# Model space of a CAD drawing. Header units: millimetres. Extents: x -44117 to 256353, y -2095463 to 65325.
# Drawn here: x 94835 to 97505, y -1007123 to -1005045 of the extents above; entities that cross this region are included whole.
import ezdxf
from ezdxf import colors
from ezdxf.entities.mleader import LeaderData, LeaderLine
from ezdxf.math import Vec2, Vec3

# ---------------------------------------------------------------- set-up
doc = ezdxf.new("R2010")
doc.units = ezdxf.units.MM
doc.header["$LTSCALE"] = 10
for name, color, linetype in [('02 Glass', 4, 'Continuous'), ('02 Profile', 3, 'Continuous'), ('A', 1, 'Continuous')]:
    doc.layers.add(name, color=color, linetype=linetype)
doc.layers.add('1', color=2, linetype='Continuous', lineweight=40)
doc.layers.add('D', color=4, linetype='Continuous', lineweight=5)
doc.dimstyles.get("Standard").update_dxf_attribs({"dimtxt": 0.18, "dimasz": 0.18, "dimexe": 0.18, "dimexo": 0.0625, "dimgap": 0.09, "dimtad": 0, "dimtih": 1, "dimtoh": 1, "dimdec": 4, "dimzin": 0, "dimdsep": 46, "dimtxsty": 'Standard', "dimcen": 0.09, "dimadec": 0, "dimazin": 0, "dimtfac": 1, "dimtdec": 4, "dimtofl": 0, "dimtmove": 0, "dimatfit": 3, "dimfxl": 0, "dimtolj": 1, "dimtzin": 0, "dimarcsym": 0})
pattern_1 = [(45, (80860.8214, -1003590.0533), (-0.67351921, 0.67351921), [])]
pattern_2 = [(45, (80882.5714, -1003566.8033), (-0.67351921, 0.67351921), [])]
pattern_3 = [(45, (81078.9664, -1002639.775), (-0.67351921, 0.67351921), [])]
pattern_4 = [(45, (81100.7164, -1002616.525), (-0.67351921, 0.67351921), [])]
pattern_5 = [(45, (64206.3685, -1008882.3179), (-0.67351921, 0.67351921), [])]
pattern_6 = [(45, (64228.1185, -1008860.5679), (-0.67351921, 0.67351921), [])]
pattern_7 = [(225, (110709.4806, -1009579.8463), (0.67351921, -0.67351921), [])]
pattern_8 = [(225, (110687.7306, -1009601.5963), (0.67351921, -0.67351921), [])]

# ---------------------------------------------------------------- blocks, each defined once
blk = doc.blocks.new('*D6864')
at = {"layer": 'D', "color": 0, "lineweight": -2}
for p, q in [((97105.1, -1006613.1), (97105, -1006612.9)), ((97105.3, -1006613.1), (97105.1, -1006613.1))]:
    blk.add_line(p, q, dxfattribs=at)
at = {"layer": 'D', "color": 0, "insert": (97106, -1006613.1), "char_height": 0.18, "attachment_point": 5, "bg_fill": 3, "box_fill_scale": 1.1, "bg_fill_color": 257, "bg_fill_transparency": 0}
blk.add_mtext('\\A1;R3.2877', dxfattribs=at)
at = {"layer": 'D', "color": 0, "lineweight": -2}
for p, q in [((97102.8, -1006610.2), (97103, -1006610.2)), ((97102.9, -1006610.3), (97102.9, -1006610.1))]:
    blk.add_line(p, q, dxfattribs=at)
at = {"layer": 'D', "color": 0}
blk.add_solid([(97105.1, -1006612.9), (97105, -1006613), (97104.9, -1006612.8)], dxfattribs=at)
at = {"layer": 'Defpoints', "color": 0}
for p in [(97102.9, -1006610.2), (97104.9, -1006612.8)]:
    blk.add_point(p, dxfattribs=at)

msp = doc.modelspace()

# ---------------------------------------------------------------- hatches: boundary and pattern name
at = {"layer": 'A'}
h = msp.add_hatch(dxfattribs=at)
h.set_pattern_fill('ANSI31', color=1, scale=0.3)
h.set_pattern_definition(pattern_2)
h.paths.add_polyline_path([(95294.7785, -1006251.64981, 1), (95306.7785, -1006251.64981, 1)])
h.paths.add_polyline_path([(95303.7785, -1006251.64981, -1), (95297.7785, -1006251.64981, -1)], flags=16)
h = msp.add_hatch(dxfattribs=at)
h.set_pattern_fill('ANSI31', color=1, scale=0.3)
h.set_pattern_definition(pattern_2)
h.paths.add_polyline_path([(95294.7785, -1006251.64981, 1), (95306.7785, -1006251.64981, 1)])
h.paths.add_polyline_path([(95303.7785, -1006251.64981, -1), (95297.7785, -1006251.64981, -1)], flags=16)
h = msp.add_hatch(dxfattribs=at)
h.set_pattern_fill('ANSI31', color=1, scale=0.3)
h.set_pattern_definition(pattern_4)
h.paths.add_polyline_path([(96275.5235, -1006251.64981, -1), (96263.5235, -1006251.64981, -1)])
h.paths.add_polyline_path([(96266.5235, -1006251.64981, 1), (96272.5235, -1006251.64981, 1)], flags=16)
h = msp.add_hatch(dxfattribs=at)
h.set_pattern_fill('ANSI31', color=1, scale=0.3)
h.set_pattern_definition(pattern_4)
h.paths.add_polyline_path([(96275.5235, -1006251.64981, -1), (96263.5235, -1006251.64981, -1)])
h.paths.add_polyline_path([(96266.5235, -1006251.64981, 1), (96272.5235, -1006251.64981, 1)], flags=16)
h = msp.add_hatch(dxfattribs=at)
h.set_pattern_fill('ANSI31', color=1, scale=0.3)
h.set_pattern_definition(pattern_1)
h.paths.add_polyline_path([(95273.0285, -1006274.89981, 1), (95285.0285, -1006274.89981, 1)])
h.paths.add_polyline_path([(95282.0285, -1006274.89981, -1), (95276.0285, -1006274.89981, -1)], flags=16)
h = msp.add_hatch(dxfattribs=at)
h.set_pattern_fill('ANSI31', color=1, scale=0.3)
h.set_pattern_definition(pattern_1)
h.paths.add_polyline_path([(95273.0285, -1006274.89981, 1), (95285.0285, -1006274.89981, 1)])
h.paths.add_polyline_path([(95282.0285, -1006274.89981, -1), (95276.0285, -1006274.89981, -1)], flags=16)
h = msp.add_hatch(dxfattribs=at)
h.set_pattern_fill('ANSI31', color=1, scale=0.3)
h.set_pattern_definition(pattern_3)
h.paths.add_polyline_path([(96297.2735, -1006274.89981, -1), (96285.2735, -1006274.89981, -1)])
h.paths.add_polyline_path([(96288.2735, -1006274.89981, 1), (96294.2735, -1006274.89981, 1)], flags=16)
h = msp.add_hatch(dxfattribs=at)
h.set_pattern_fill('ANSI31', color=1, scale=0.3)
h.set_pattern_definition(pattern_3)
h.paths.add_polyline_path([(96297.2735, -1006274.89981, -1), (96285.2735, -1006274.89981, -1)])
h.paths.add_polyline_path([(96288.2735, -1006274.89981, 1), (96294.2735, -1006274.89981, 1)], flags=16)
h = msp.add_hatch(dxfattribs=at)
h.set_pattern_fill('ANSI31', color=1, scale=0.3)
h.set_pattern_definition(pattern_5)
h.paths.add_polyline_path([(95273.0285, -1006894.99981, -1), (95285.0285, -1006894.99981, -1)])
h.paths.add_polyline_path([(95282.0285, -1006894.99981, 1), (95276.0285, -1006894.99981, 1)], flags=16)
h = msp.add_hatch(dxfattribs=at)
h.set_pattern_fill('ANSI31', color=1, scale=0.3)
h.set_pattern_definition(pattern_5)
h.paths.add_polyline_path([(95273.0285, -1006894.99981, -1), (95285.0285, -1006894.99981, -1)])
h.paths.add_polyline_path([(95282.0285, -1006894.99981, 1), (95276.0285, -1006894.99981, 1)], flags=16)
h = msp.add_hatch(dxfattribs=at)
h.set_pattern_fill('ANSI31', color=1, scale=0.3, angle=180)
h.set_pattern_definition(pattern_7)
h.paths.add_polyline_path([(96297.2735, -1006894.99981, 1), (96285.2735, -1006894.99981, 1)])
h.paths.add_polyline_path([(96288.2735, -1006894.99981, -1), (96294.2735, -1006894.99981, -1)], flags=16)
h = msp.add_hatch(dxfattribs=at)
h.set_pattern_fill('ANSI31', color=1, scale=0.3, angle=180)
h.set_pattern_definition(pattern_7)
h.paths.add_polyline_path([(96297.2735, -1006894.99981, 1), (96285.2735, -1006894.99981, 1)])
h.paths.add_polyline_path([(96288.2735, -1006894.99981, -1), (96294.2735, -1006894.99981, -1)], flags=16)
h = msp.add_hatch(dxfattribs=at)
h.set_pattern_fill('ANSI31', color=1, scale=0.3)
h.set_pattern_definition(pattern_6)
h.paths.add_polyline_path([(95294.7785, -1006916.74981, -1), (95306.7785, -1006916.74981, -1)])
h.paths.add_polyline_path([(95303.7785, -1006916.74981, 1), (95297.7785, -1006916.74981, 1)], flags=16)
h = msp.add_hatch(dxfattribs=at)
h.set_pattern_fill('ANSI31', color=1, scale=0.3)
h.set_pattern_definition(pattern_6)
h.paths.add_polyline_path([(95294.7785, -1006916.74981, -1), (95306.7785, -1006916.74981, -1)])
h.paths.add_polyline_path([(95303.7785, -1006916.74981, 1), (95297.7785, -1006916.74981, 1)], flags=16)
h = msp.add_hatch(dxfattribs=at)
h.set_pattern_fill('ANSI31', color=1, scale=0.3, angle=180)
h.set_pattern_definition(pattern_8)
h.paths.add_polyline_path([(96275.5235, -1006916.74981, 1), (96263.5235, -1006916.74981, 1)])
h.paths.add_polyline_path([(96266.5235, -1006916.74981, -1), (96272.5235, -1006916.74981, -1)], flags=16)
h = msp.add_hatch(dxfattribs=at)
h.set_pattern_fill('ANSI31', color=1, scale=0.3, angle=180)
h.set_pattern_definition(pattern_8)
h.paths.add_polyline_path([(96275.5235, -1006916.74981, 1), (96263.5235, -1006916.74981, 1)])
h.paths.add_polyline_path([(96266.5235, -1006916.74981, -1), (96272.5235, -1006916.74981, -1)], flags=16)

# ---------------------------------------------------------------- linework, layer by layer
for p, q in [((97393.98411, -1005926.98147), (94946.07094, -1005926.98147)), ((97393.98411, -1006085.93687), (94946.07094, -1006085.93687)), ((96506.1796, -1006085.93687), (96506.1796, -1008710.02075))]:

> **What you have to do**
Out of the lines in the listing, count the ones with the word "import", then give only the number.

> **Answer space**
4